Load your saved models using joblib:
import joblib
import pandas as pd

# Load models
rf_model = joblib.load('./models/saved_models/winner_predictor_rf.pkl')
xgb_model = joblib.load('./models/saved_models/winner_predictor_xgb.pkl')
feature_columns = joblib.load('./models/saved_models/feature_columns.pkl')

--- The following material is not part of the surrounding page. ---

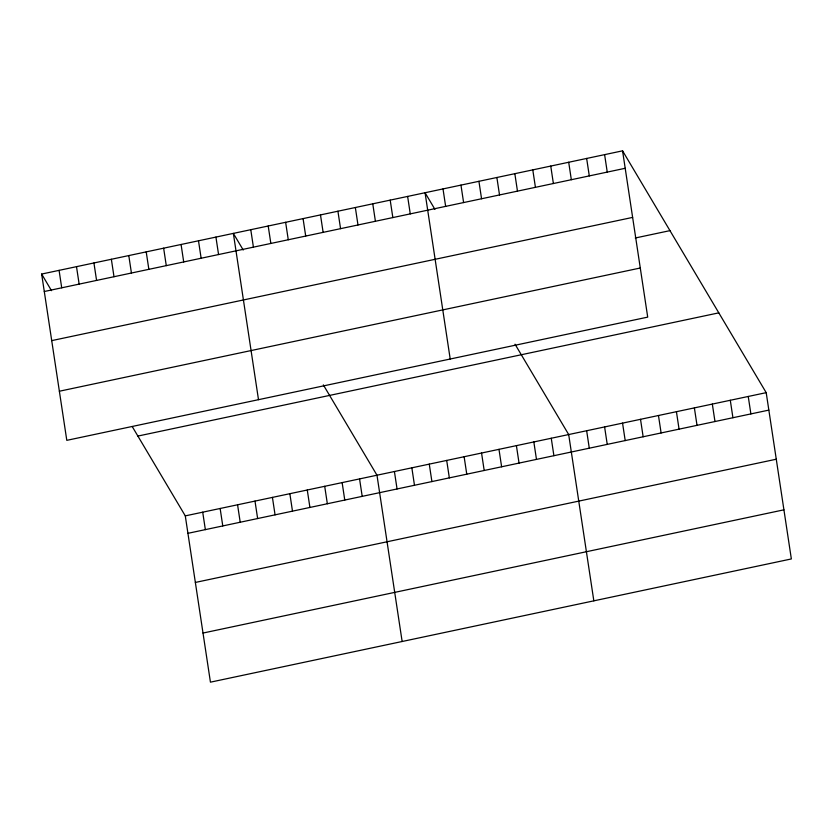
<?xml version="1.0" encoding="UTF-8"?>
<svg xmlns="http://www.w3.org/2000/svg" width="833" height="833" viewBox="0 0 833 833"><rect width="100%" height="100%" fill="white"/><g stroke="black" fill="none" stroke-linecap="round" stroke-linejoin="round"><path stroke-width="1.25" d="M622.563 150.835L647.71 317.123L66.796 440.345L41.65 274.057L622.563 150.835L766.204 392.655L791.35 558.943L210.437 682.165L185.29 515.877L132.249 426.59M44.295 291.508L625.208 168.287M51.719 340.624L632.632 217.403M635.256 237.999L669.961 230.637M59.372 391.229L640.285 268.007M137.882 436.076L718.806 312.854M185.29 515.877L766.204 392.655M187.925 533.328L768.838 410.107M195.349 582.444L776.273 459.222M203.002 633.049L783.926 509.827M434.93 209.354L425.059 192.735L450.205 359.013M515.033 344.206L568.689 434.555L593.835 600.843M243.226 250.015L233.355 233.396L258.501 399.684M323.329 384.877L376.985 475.216L402.141 641.504M41.65 274.057L51.521 290.686M748.242 396.466L750.887 413.918M730.291 400.267L732.925 417.729M712.33 404.078L714.974 421.529M694.378 407.889L697.023 425.34M676.427 411.7L679.062 429.151M658.466 415.511L661.11 432.962M604.612 154.646L607.247 172.098M640.515 419.311L643.149 436.773M586.651 158.447L589.295 175.909M622.553 423.122L625.198 440.574M568.7 162.258L571.334 179.709M604.602 426.933L607.236 444.385M550.748 166.069L553.383 183.52M586.651 430.744L589.285 448.196M532.787 169.88L535.432 187.331M514.836 173.691L517.47 191.142M551.259 438.252L553.903 455.703M496.874 177.491L499.519 194.953M533.838 441.948L536.473 459.399M478.923 181.302L481.557 198.754M516.408 445.645L519.042 463.096M460.961 185.113L463.606 202.565M498.977 449.341L501.622 466.792M443.01 188.924L445.645 206.376M481.557 453.037L484.192 470.489M464.127 456.734L466.761 474.185M407.629 196.432L410.263 213.883M446.696 460.43L449.341 477.882M390.198 200.128L392.843 217.58M429.266 464.127L431.911 481.578M372.767 203.825L375.412 221.276M411.846 467.823L414.48 485.275M355.347 207.521L357.982 224.972M394.415 471.52L397.06 488.971M337.917 211.218L340.562 228.669M320.486 214.914L323.131 232.365M359.564 478.913L362.199 496.364M303.066 218.61L305.701 236.062M342.134 482.609L344.768 500.06M285.636 222.307L288.27 239.758M324.703 486.305L327.348 503.757M268.205 226.003L270.85 243.455M307.273 490.002L309.918 507.453M250.775 229.7L253.419 247.151M289.853 493.698L292.487 511.15M272.422 497.395L275.067 514.846M215.924 237.093L218.569 254.544M254.992 501.091L257.636 518.543M198.493 240.789L201.138 258.24M237.572 504.788L240.206 522.239M181.073 244.486L183.708 261.937M220.141 508.484L222.775 525.935M163.643 248.182L166.277 265.633M202.711 512.18L205.355 529.632M146.212 251.878L148.857 269.33M128.792 255.575L131.427 273.026M111.362 259.271L113.996 276.723M93.931 262.968L96.576 280.419M76.501 266.664L79.145 284.115M59.081 270.361L61.715 287.812"/></g></svg>

print(f"✓ Loaded models with {len(feature_columns)} features")

Single Race Prediction

Using the WinnerPredictor Class

The predict_race() method provides ensemble predictions:
winner_predictor.py
def predict_race(self, race_features):
    """Predict winner for a new race"""
    # Get probability predictions
    rf_proba = self.rf_model.predict_proba(
        race_features[self.feature_columns]
    )[0]
    xgb_proba = self.xgb_model.predict_proba(
        race_features[self.feature_columns]
    )[0]
    
    # Average ensemble
    ensemble_proba = (rf_proba + xgb_proba) / 2
    
    return {
        'rf_probability': rf_proba[1],
        'xgb_probability': xgb_proba[1],
        'ensemble_probability': ensemble_proba[1],
        'prediction': int(ensemble_proba[1] > 0.5)
    }

Example: Predict from Grid Position

Predict podium probability for a driver starting from pole:
import pandas as pd

# Create race features
race_data = pd.DataFrame([{
    'GridPosition': 1,  # Starting from pole
    'Driver_AvgPosition': 2.5,
    'Driver_AvgPoints': 18.5,
    'Driver_TotalWins': 15,
    'Driver_TotalPodiums': 35,
    'Driver_Last5_AvgPosition': 2.0,
    'Team_AvgPosition': 1.8,
    'Team_TotalWins': 25,
    'Team_AvgPoints': 400.0,
    'AvgAirTemp': 25.0,
    'IsRaining': 0
}])

# Make prediction
result = predictor.predict_race(race_data)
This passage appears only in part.